Output only the lines below from the one containing "#108=VERTEX_POINT('',#107);" to the one containing "#146=EDGE_CURVE('E252',#108,#139,#145,.T.);", exactly as written, both ends kept.

▬▬▬▬▬▬▬▬▬▬

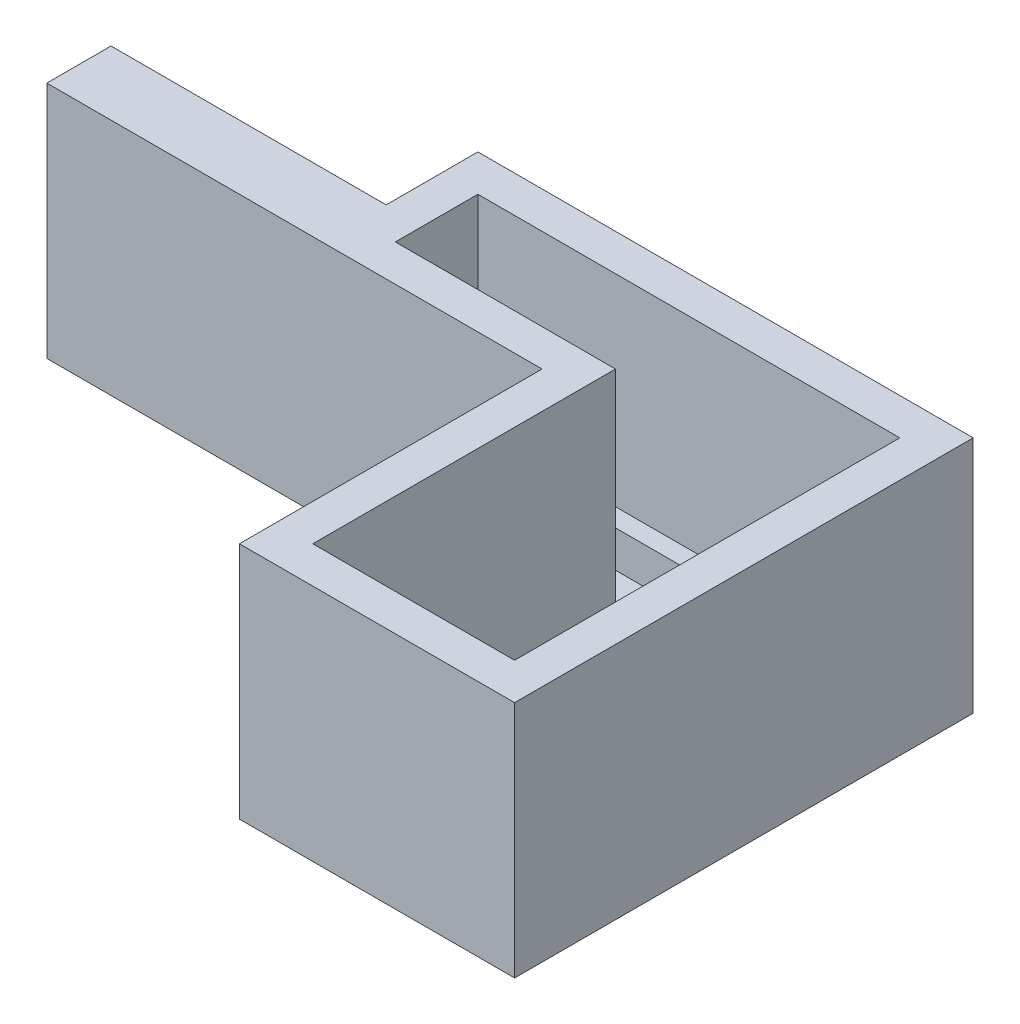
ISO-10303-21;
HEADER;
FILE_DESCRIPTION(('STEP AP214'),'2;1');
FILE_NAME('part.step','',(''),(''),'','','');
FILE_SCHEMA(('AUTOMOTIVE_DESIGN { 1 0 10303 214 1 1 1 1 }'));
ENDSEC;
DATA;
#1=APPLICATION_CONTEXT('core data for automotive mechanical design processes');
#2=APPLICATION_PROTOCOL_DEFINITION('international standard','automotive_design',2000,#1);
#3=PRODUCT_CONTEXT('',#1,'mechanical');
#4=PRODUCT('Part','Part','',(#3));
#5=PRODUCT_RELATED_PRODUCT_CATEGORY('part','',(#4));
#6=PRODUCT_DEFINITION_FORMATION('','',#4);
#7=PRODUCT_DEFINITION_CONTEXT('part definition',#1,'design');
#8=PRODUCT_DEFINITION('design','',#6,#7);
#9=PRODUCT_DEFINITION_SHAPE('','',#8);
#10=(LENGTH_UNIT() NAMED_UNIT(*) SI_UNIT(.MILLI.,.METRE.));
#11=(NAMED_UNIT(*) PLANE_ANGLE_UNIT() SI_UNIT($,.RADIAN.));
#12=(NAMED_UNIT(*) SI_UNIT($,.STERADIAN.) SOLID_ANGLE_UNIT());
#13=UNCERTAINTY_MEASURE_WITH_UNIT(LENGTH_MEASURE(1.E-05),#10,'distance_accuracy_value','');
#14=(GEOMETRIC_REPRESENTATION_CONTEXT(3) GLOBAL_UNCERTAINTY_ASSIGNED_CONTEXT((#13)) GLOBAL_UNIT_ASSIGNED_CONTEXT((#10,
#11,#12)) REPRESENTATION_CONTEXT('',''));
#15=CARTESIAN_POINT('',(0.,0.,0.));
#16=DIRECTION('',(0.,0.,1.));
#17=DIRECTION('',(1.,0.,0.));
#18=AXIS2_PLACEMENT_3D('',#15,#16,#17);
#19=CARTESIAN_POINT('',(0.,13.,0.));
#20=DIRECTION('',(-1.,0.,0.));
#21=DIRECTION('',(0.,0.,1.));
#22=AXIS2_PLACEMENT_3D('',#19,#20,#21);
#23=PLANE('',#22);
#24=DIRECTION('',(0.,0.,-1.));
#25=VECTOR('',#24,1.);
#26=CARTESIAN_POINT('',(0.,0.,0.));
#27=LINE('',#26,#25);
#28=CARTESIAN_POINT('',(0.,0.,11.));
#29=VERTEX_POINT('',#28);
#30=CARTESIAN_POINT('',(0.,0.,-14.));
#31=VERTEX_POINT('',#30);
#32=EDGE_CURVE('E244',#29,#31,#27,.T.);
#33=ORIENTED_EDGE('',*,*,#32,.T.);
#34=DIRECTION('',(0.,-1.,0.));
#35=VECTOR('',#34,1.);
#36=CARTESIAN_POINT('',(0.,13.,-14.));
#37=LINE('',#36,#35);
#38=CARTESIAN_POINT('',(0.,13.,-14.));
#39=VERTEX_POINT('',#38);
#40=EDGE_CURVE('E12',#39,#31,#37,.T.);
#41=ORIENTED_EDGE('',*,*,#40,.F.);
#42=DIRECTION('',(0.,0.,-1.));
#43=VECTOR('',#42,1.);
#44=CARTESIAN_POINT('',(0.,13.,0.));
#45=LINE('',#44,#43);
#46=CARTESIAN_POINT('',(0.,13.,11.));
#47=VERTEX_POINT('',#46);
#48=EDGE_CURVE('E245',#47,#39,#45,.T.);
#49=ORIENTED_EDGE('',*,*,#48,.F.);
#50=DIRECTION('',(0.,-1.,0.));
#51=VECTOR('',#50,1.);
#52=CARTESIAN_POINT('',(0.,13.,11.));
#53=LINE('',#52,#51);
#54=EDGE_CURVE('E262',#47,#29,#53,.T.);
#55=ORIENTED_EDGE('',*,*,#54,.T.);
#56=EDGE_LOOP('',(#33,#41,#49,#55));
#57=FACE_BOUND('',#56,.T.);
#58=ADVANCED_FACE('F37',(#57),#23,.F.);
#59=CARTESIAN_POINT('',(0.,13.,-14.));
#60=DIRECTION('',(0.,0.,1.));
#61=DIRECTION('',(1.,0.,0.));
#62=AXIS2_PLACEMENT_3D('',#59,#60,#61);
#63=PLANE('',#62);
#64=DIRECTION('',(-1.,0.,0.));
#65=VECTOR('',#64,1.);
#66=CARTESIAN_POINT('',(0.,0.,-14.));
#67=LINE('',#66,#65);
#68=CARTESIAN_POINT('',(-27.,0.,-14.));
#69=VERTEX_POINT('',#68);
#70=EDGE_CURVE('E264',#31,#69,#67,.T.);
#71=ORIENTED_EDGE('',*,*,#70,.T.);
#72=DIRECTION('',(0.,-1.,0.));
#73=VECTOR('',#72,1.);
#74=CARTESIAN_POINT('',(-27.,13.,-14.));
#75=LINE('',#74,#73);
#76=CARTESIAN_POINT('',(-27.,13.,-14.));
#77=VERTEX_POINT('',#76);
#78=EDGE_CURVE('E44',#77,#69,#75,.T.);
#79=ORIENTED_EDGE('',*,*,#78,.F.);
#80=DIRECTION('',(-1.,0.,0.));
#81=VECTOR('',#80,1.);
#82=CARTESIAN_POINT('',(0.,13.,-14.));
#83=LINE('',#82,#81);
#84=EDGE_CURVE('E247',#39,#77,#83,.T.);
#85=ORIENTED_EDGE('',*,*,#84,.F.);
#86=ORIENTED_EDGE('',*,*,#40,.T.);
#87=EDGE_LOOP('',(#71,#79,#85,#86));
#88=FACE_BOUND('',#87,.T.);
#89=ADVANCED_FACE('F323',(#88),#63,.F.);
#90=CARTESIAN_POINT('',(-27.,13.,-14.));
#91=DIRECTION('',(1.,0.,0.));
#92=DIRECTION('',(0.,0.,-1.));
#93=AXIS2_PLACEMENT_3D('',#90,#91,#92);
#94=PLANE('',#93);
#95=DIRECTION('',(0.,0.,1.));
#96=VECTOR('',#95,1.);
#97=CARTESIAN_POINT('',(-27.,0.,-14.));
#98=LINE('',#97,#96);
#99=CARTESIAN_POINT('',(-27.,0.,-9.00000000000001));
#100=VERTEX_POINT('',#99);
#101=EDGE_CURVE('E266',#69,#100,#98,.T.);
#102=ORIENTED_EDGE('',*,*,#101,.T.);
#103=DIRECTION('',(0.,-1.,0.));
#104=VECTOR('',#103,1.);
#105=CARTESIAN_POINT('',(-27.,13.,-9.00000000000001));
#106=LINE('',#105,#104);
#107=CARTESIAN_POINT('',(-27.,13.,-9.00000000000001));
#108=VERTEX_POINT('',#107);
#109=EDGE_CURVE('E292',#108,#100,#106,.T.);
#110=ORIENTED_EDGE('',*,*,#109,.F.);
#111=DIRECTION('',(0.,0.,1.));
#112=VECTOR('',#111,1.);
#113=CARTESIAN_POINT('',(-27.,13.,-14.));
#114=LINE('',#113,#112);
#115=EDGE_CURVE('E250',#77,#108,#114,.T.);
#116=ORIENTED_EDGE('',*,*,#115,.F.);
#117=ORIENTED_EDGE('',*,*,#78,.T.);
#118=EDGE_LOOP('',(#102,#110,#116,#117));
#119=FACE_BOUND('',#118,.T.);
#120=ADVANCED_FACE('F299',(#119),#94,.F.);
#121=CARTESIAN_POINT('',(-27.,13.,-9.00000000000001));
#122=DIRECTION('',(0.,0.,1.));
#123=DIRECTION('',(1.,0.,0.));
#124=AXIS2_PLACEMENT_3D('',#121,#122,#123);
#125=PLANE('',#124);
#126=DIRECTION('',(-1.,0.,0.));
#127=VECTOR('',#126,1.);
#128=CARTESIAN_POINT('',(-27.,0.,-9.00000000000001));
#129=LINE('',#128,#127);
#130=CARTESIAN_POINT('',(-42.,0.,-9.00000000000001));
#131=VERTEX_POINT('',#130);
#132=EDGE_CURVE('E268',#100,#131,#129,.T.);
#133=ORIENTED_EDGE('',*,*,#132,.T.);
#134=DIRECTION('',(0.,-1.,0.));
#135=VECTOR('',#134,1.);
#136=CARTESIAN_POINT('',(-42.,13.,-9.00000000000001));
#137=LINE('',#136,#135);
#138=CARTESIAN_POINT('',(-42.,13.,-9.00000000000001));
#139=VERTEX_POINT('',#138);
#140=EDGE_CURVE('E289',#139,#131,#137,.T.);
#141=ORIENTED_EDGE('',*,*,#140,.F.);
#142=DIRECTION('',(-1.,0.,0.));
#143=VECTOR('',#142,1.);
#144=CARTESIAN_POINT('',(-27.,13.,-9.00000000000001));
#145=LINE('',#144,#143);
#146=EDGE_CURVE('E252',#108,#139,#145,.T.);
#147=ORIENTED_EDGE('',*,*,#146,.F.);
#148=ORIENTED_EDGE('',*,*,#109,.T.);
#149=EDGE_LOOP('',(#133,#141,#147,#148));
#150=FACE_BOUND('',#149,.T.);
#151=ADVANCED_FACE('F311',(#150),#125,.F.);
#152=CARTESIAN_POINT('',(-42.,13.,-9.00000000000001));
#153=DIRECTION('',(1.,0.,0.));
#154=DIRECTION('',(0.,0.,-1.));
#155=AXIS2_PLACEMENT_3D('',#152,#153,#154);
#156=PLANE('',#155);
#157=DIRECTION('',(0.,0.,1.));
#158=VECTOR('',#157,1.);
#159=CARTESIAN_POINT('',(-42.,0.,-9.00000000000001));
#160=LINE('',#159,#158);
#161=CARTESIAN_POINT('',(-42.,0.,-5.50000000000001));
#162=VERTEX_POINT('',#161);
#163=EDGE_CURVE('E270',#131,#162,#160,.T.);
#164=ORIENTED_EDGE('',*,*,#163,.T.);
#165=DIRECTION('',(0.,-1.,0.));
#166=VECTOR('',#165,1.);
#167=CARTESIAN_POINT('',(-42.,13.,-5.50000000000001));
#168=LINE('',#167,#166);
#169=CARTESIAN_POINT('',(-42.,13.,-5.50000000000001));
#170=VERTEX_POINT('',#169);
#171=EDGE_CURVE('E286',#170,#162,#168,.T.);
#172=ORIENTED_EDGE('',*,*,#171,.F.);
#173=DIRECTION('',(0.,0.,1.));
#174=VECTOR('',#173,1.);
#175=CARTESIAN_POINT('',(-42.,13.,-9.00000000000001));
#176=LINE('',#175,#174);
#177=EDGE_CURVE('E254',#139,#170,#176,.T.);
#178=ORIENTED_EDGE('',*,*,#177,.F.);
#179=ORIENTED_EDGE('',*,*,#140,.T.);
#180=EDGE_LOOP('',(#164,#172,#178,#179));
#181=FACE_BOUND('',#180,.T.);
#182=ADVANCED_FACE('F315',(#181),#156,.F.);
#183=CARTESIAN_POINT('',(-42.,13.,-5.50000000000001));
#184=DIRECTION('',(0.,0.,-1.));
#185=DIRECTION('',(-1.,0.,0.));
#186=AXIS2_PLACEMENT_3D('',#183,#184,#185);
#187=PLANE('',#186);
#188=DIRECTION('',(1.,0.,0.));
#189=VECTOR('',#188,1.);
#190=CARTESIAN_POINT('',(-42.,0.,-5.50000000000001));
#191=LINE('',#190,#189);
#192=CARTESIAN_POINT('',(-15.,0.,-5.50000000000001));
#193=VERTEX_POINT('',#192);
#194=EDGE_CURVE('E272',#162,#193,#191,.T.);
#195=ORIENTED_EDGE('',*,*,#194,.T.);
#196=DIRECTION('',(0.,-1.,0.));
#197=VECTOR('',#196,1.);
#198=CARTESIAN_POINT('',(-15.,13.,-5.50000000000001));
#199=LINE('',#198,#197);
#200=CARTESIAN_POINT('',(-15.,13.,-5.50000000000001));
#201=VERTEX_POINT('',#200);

▬▬▬▬▬▬▬▬▬▬

> [EXERCISE RESULT]
#108=VERTEX_POINT('',#107);
#109=EDGE_CURVE('E292',#108,#100,#106,.T.);
#110=ORIENTED_EDGE('',*,*,#109,.F.);
#111=DIRECTION('',(0.,0.,1.));
#112=VECTOR('',#111,1.);
#113=CARTESIAN_POINT('',(-27.,13.,-14.));
#114=LINE('',#113,#112);
#115=EDGE_CURVE('E250',#77,#108,#114,.T.);
#116=ORIENTED_EDGE('',*,*,#115,.F.);
#117=ORIENTED_EDGE('',*,*,#78,.T.);
#118=EDGE_LOOP('',(#102,#110,#116,#117));
#119=FACE_BOUND('',#118,.T.);
#120=ADVANCED_FACE('F299',(#119),#94,.F.);
#121=CARTESIAN_POINT('',(-27.,13.,-9.00000000000001));
#122=DIRECTION('',(0.,0.,1.));
#123=DIRECTION('',(1.,0.,0.));
#124=AXIS2_PLACEMENT_3D('',#121,#122,#123);
#125=PLANE('',#124);
#126=DIRECTION('',(-1.,0.,0.));
#127=VECTOR('',#126,1.);
#128=CARTESIAN_POINT('',(-27.,0.,-9.00000000000001));
#129=LINE('',#128,#127);
#130=CARTESIAN_POINT('',(-42.,0.,-9.00000000000001));
#131=VERTEX_POINT('',#130);
#132=EDGE_CURVE('E268',#100,#131,#129,.T.);
#133=ORIENTED_EDGE('',*,*,#132,.T.);
#134=DIRECTION('',(0.,-1.,0.));
#135=VECTOR('',#134,1.);
#136=CARTESIAN_POINT('',(-42.,13.,-9.00000000000001));
#137=LINE('',#136,#135);
#138=CARTESIAN_POINT('',(-42.,13.,-9.00000000000001));
#139=VERTEX_POINT('',#138);
#140=EDGE_CURVE('E289',#139,#131,#137,.T.);
#141=ORIENTED_EDGE('',*,*,#140,.F.);
#142=DIRECTION('',(-1.,0.,0.));
#143=VECTOR('',#142,1.);
#144=CARTESIAN_POINT('',(-27.,13.,-9.00000000000001));
#145=LINE('',#144,#143);
#146=EDGE_CURVE('E252',#108,#139,#145,.T.);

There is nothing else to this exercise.